Free jumping is also beneficial for horses that have been ridden over jumps. It is helpful to horses that have developed nervousness over jumps, tendencies to bolt over jumps, and problems with refusals. By starting the horse off small and gradually increasing size, a trainer can develop confidence in the horse. By subtracting the rider, the horse learns to jump on its own without interference. Over time, the method encourages the horse to relax and take its time through jumps, showing a more natural jump on its own. Free jumping reinforces forward movement over jumps and starting lower builds confidence. This can also be used to encourage a more playful attitude in horses, taking away the demands of the rider and making the simple act of just jumping more fun. Free jumping is also a good practice for exercising the horse, even one that is not used for jumping. It can produce a good mind while strengthening muscles and stretching the back and neck. It also provides variation in a horse's routine, which can be a break from a rigorous jumping schedule.

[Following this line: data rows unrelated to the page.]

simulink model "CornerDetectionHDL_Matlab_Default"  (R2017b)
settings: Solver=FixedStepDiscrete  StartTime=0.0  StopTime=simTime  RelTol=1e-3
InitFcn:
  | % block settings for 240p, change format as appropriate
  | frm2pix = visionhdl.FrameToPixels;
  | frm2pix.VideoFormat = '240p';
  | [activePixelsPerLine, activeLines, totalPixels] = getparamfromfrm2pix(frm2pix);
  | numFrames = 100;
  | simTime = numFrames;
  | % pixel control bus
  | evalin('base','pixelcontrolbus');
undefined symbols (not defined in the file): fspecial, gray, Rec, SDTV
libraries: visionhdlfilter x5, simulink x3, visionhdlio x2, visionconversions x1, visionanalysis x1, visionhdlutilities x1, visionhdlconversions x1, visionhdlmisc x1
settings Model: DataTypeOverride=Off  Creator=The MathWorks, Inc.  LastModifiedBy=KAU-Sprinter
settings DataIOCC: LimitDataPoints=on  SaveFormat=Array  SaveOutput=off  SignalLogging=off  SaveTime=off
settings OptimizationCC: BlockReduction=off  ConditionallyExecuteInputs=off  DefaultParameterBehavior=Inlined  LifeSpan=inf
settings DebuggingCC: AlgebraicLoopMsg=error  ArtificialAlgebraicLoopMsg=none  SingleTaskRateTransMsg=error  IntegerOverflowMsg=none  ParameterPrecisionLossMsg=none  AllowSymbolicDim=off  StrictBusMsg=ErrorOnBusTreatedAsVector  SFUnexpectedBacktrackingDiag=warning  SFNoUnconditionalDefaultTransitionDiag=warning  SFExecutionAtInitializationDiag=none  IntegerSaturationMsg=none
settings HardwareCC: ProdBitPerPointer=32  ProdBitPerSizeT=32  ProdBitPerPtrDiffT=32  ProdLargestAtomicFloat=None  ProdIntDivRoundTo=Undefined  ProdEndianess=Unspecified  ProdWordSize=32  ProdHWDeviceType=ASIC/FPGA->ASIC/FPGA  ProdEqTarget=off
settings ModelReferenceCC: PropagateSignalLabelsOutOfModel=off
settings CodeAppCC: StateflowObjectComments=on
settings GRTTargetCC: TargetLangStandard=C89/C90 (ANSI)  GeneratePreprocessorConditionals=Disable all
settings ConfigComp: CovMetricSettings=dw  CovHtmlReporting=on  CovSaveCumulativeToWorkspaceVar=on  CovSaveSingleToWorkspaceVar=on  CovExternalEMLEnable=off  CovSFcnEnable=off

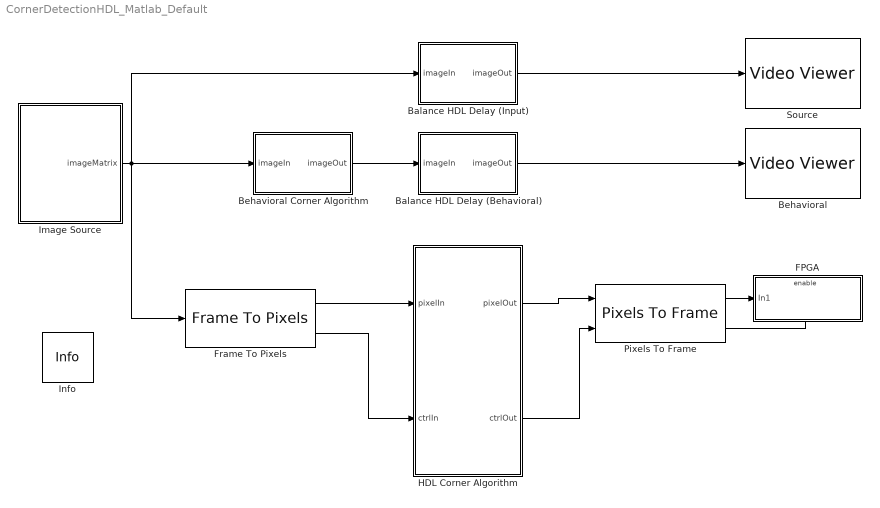
== system CornerDetectionHDL_Matlab_Default ==
  Balance HDL Delay (Behavioral) : Subsystem
  Balance HDL Delay (Input) : Subsystem
  Behavioral : VideoViewer  FigPos=[400.2 479.6 410.4 300]
  Behavioral Corner Algorithm : Subsystem
  FPGA : Subsystem
  Frame To Pixels : visionhdlio/Frame To Pixels  NumComponents=3  VideoFormat=240p  ActivePixelsPerLine=32  ActiveVideoLines=18  TotalPixelsPerLine=42  TotalVideoLines=28  StartingActiveLine=6  FrontPorch=5  SampleTime=0
      settings: SourceProductName=Vision HDL Toolbox  SourceProductBaseCode=VT
  HDL Corner Algorithm : Subsystem  TreatAsAtomicUnit=on
  Image Source : Subsystem  mask(Panning Video Source){VideoFormat=240p}
      mask prompts: VideoFormat "Video Format"
      mask TypeOptions VideoFormat: 240p | 480p | 1080p | Custom
      mask Callback VideoFormat:
      | blk = gcb;
      | set_param(blk,'MaskSelfModifiable','on');
      | maskStr = get_param(blk,'MaskValues');
      | 
      | if strcmpi(maskStr{1},'Custom')
      |     set_param([blk,'/Lines'],'Value',sprintf('[1:%d]',18));
      |     set_param([blk,'/Pixels'],'Value',sprintf('[1:%d]',32));
      | elseif strcmpi(maskStr{1},'240p')
      |     set_param([blk,'/Lines'],'Value',sprintf('[1:%d]',240));
      |     set_param([blk,'/Pixels'],'Value',sprintf('[1:%d]',320));
      | elseif strcmpi(maskStr{1},'480p')
      |     set_param([blk,'/Lines'],'Value',sprintf('[1:%d]',480));
      |     set_param([blk,'/Pixels'],'Value',sprintf('[1:%d]',640));
      | else
      |     set_param([blk,'/Lines'],'Value',sprintf('[1:%d]',1080));
      |     set_param([blk,'/Pixels'],'Value',sprintf('[1:%d]',1920));
      | end
      mask Display: image('cornerboxes.png')
  Info : visionhdlmisc/Info  SystemSampleTime=-1
      settings: SourceProductName=Vision HDL Toolbox  SourceProductBaseCode=VT
  Pixels To Frame : visionhdlio/Pixels To Frame  NumComponents=3  VideoFormat=240p  ActivePixelsPerLine=32  ActiveVideoLines=18  TotalPixelsPerLine=42  TotalVideoLines=28
      settings: SourceProductName=Vision HDL Toolbox  SourceProductBaseCode=VT
  Source : VideoViewer  FigPos=[12.2 436.4 409.6 300]
  wires:
  Image Source/1(imageMatrix) -> Balance HDL Delay (Input)/1(imageIn), Frame To Pixels/1, Behavioral Corner Algorithm/1(imageIn)
  Behavioral Corner Algorithm/1(imageOut) -> Balance HDL Delay (Behavioral)/1(imageIn)
  Frame To Pixels/1 -> HDL Corner Algorithm/1(pixelIn)
  Frame To Pixels/2 -> HDL Corner Algorithm/2(ctrlIn)
  Pixels To Frame/2 -> FPGA/Enable
  Pixels To Frame/1 -> FPGA/1(In1)
  HDL Corner Algorithm/1(pixelOut) -> Pixels To Frame/1
  HDL Corner Algorithm/2(ctrlOut) -> Pixels To Frame/2
  Balance HDL Delay (Input)/1(imageOut) -> Source/1
  Balance HDL Delay (Behavioral)/1(imageOut) -> Behavioral/1

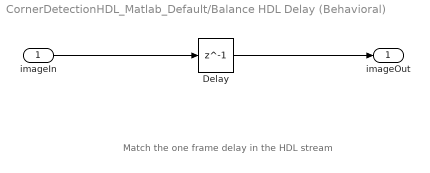
== system CornerDetectionHDL_Matlab_Default/Balance HDL Delay (Behavioral) ==
  note: Match the one frame delay in the HDL stream
  imageIn : Inport
  Delay : Delay  DelayLength=1
  imageOut : Outport
  wires:
  Delay/1 -> imageOut/1
  imageIn/1 -> Delay/1

== system CornerDetectionHDL_Matlab_Default/Balance HDL Delay (Input) ==
  note: Match the one frame delay in the HDL stream
  imageIn : Inport
  Delay : Delay  DelayLength=1
  imageOut : Outport
  wires:
  imageIn/1 -> Delay/1
  Delay/1 -> imageOut/1

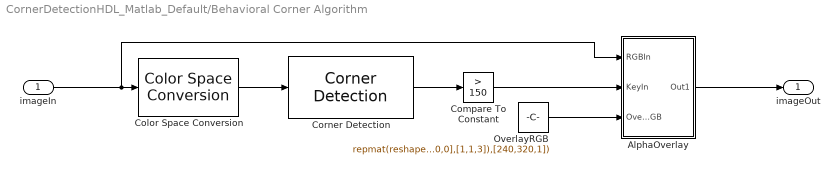
== system CornerDetectionHDL_Matlab_Default/Behavioral Corner Algorithm ==
  imageIn : Inport
  AlphaOverlay : Subsystem
  Color Space Conversion : visionconversions/Color Space  Conversion  conversion=Obsolete  conversionActive=R'G'B' to intensity  wp_str=D65  rec=Rec. 601 (SDTV)  sys=1125/60/2:1  imagePorts=One multidimensional signal
      settings: SourceProductName=Computer Vision System Toolbox
  Compare To Constant : simulink/Logic and Bit Operations/Compare To Constant  relop=>  const=150  OutDataTypeStr=boolean
  Corner Detection : visionanalysis/Corner Detection  method=Harris corner detection (Harris & Stephens)  factor=0.04  filter=fspecial('gaussian', [1 5], 1.5)  thrInten=0.1  thrAngle=157.5  output=Obsolete9b  outputInUse=Metric matrix  maxNum=200  thrMetric=0.0005  neighborSize=[11 11]  isOutVarDim=on  accumMode=Binary point scaling  accumWordLength=32  accumFracLength=0  prodOutputMode=Binary point scaling  prodOutputWordLength=32  prodOutputFracLength=0  memoryMode=Binary point scaling  memoryWordLength=32  memoryFracLength=0  firstCoeffMode=Specify word length  firstCoeffWordLength=16  firstCoeffFracLength=16  roundingMode=Floor  overflowMode=off
      settings: SourceProductName=Computer Vision System Toolbox  SourceProductBaseCode=VP
  "OverlayRGB " : Constant  Value=repmat(reshape([255,0,0],[1,1,3]),[240,320,1])  OutDataTypeStr=uint8
  imageOut : Outport
  wires:
  imageIn/1 -> AlphaOverlay/1(RGBIn), Color Space Conversion/1
  Corner Detection/1 -> Compare To Constant/1
  Color Space Conversion/1 -> Corner Detection/1
  Compare To Constant/1 -> AlphaOverlay/2(KeyIn)
  AlphaOverlay/1(Out1) -> imageOut/1
  "OverlayRGB "/1 -> AlphaOverlay/3(OverlayRGB)

== system CornerDetectionHDL_Matlab_Default/FPGA ==
  In1 : Inport
  Enable : EnablePort
  FPGA Video : VideoViewer  colormapValue=gray(256)  FigPos=[864.2 436.4 416 298.4]
  wires:
  In1/1 -> FPGA Video/1

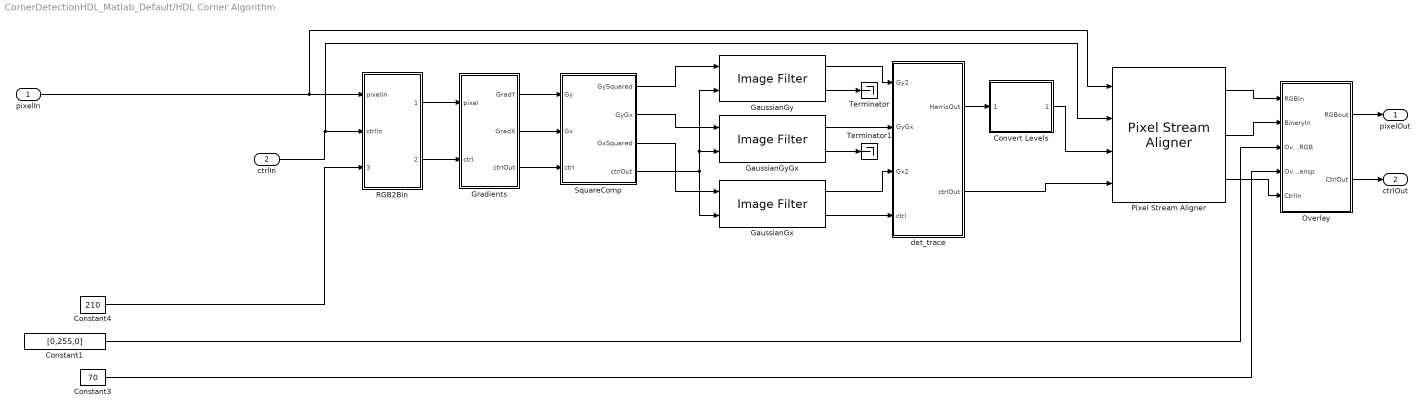
== system CornerDetectionHDL_Matlab_Default/HDL Corner Algorithm ==
  pixelIn : Inport
  ctrlIn : Inport  Port=2
  Constant1 : Constant  Value=[0,255,0]  VectorParams1D=off  OutDataTypeStr=uint8  SampleTime=-1
  Constant3 : Constant  Value=70  OutDataTypeStr=uint8  SampleTime=-1
  Constant4 : Constant  Value=210  OutDataTypeStr=uint8  SampleTime=-1
  Convert Levels : Subsystem
  GaussianGx : visionhdlfilter/Image Filter  Coefficients=fspecial('gaussian',[5,5],1.5)  PaddingMethod=Constant  PaddingValue=0  LineBufferSize=2048  SimulateUsing=Code generation  roundingMode=Floor  overflowMode=off  CoeffDataTypeStr=fixdt(1,18,21)  CoeffMin=[]  CoeffMax=[]  OutputMin=[]  OutputMax=[]
      settings: SourceProductName=Vision HDL Toolbox  SourceProductBaseCode=VT
  GaussianGy : visionhdlfilter/Image Filter  Coefficients=fspecial('gaussian',[5,5],1.5)  PaddingMethod=Constant  PaddingValue=0  LineBufferSize=2048  SimulateUsing=Code generation  roundingMode=Floor  overflowMode=off  CoeffDataTypeStr=fixdt(1,18,21)  CoeffMin=[]  CoeffMax=[]  OutputMin=[]  OutputMax=[]
      settings: SourceProductName=Vision HDL Toolbox  SourceProductBaseCode=VT
  GaussianGyGx : visionhdlfilter/Image Filter  Coefficients=fspecial('gaussian',[5,5],1.5)  PaddingMethod=Constant  PaddingValue=0  LineBufferSize=2048  SimulateUsing=Code generation  roundingMode=Floor  overflowMode=off  CoeffDataTypeStr=fixdt(1,18,21)  CoeffMin=[]  CoeffMax=[]  OutputMin=[]  OutputMax=[]
      settings: SourceProductName=Vision HDL Toolbox  SourceProductBaseCode=VT
  Gradients : Subsystem
  Overlay : Subsystem
  Pixel Stream Aligner : visionhdlutilities/Pixel Stream Aligner  LineBufferSize=2048  MaximumNumberOfLines=10  SimulateUsing=Code generation
      settings: SourceProductName=Vision HDL Toolbox  SourceProductBaseCode=VT
  RGB2Bin : Subsystem
  SquareComp : Subsystem
  Terminator : Terminator
  Terminator1 : Terminator
  det_trace : Subsystem
  pixelOut : Outport
  ctrlOut : Outport  Port=2
  wires:
  Constant1/1 -> Overlay/3(OverlayRGB)
  Constant4/1 -> RGB2Bin/3(SliceLevel)
  RGB2Bin/2(ctrlOut) -> Gradients/2(ctrl)
  Overlay/2("CtrlOut ") -> ctrlOut/1
  Convert Levels/1(PixelOut) -> Pixel Stream Aligner/3
  RGB2Bin/1(pixelOut) -> Gradients/1(pixel)
  Overlay/1(RGBout) -> pixelOut/1
  det_trace/1(HarrisOut) -> Convert Levels/1(HarrisIn)
  Constant3/1 -> Overlay/4(OverlayTransp)
  det_trace/2(ctrlOut) -> Pixel Stream Aligner/4
  Gradients/3(ctrlOut) -> SquareComp/3(ctrl)
  Gradients/2(GradX) -> SquareComp/2(Gx)
  Gradients/1(GradY) -> SquareComp/1(Gy)
  ctrlIn/1 -> Pixel Stream Aligner/2, RGB2Bin/2(ctrlIn)
  pixelIn/1 -> Pixel Stream Aligner/1, RGB2Bin/1(pixelIn)
  GaussianGx/2 -> det_trace/4(ctrl)
  GaussianGx/1 -> det_trace/3(Gx2)
  GaussianGyGx/1 -> det_trace/2(GyGx)
  GaussianGy/1 -> det_trace/1(Gy2)
  SquareComp/3(GxSquared) -> GaussianGx/1
  SquareComp/2(GyGx) -> GaussianGyGx/1
  SquareComp/1(GySquared) -> GaussianGy/1
  SquareComp/4(ctrlOut) -> GaussianGx/2, GaussianGy/2, GaussianGyGx/2
  GaussianGyGx/2 -> Terminator1/1
  GaussianGy/2 -> Terminator/1
  Pixel Stream Aligner/1 -> Overlay/1(RGBIn)
  Pixel Stream Aligner/2 -> Overlay/2(BinaryIn)
  Pixel Stream Aligner/3 -> Overlay/5(CtrlIn)

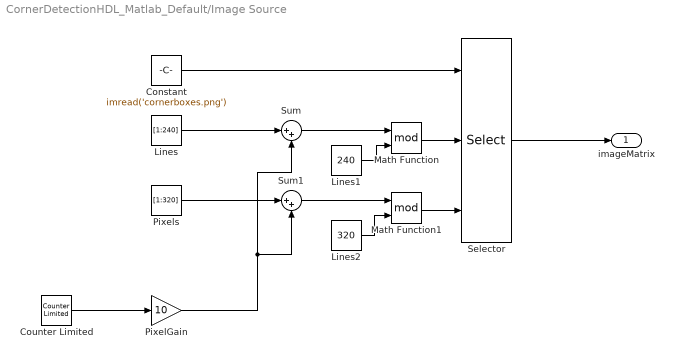
== system CornerDetectionHDL_Matlab_Default/Image Source ==
  Constant : Constant  Value=imread('cornerboxes.png')  VectorParams1D=off
  Counter Limited : simulink/Sources/Counter Limited  uplimit=100  tsamp=1
  Lines : Constant  Value=[1:240]
  Lines1 : Constant  Value=240
  Lines2 : Constant  Value=320
  Math Function : Math  Operator=mod  SaturateOnIntegerOverflow=on
  Math Function1 : Math  Operator=mod  SaturateOnIntegerOverflow=on
  PixelGain : Gain  Gain=10  OutDataTypeStr=double
  Pixels : Constant  Value=[1:320]
  Selector : Selector  NumberOfDimensions=3  IndexMode=Zero-based  InputPortWidth=3  IndexOptions=Index vector (port),Index vector (port),Select all  Indices=[1 3],1,1  OutputSizes=1,1,1
  Sum : Sum  Inputs=|++
  Sum1 : Sum  Inputs=|++
  imageMatrix : Outport
  wires:
  Counter Limited/1 -> PixelGain/1
  Selector/1 -> imageMatrix/1
  Math Function1/1 -> Selector/3
  Constant/1 -> Selector/1
  Math Function/1 -> Selector/2
  Sum/1 -> Math Function/1
  Lines/1 -> Sum/1
  Pixels/1 -> Sum1/1
  PixelGain/1 -> Sum1/2, Sum/2
  Lines1/1 -> Math Function/2
  Lines2/1 -> Math Function1/2
  Sum1/1 -> Math Function1/1

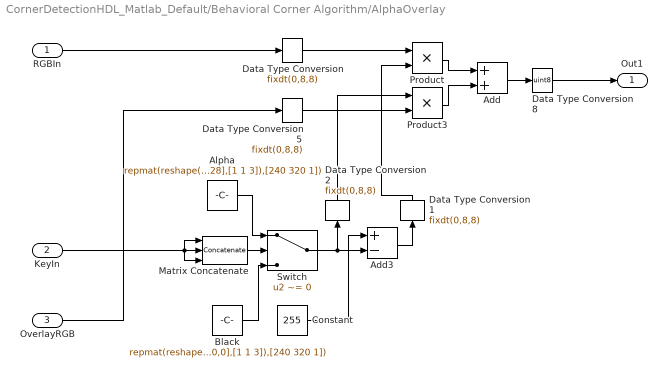
== system CornerDetectionHDL_Matlab_Default/Behavioral Corner Algorithm/AlphaOverlay ==
  RGBIn : Inport
  KeyIn : Inport  Port=2
  OverlayRGB : Inport  Port=3
  Add : Sum  OutDataTypeStr=fixdt(0,8,8)
  Add3 : Sum  Inputs=+-  OutDataTypeStr=uint8
  Alpha : Constant  Value=repmat(reshape([128,128,128],[1 1 3]),[240 320 1])  OutDataTypeStr=uint8
  Black : Constant  Value=repmat(reshape([0,0,0],[1 1 3]),[240 320 1])  OutDataTypeStr=uint8
  Constant : Constant  Value=255  OutDataTypeStr=uint8  SampleTime=-1
  Data Type Conversion{,1..2,5} (4 alike) : DataTypeConversion  OutDataTypeStr=fixdt(0,8,8)  ConvertRealWorld=Stored Integer (SI)
  Data Type Conversion8 : DataTypeConversion  OutDataTypeStr=uint8  ConvertRealWorld=Stored Integer (SI)
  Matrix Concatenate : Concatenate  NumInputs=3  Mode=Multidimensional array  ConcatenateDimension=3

== Evaluation and selling ==

Free jumping is often used to determine a young horse's jumping potential before it can be ridden over jumps or to see the natural jump without a rider. In both cases a good free jump will increase the value of a horse. Jumping horses is a popular event in competitive and recreational riding, and in many case an owner will put a horse up for sale with a video of free jumping. This shows the horse’s movement, temperament and jumping potential, whether or not the horse was used for jumping.

==Drawbacks ==

While free jumping has many benefits it can also cause many problems if not done properly. A horse can learn to refuse if not kept in the chute, may compensate incorrectly for bad distances, and a bad experience overall will make a horse nervous or ill-tempered to jump once under saddle. A horse can also be harmed if it is pushed too hard when it is too young or not mentally or physically ready. Free jumping is a form of training that requires an experienced rider or trainer present.

== Competitions ==

Free jumping competitions are done for younger horses to prove their jumping ability and increase the value of the individual horse, as well as the bloodlines and breeder's reputation. For professional breeders and trainers these are serious events to improve their business. Free jumping competitions are most often put on by various warmblood associations, to support the development of jumping and good training practices.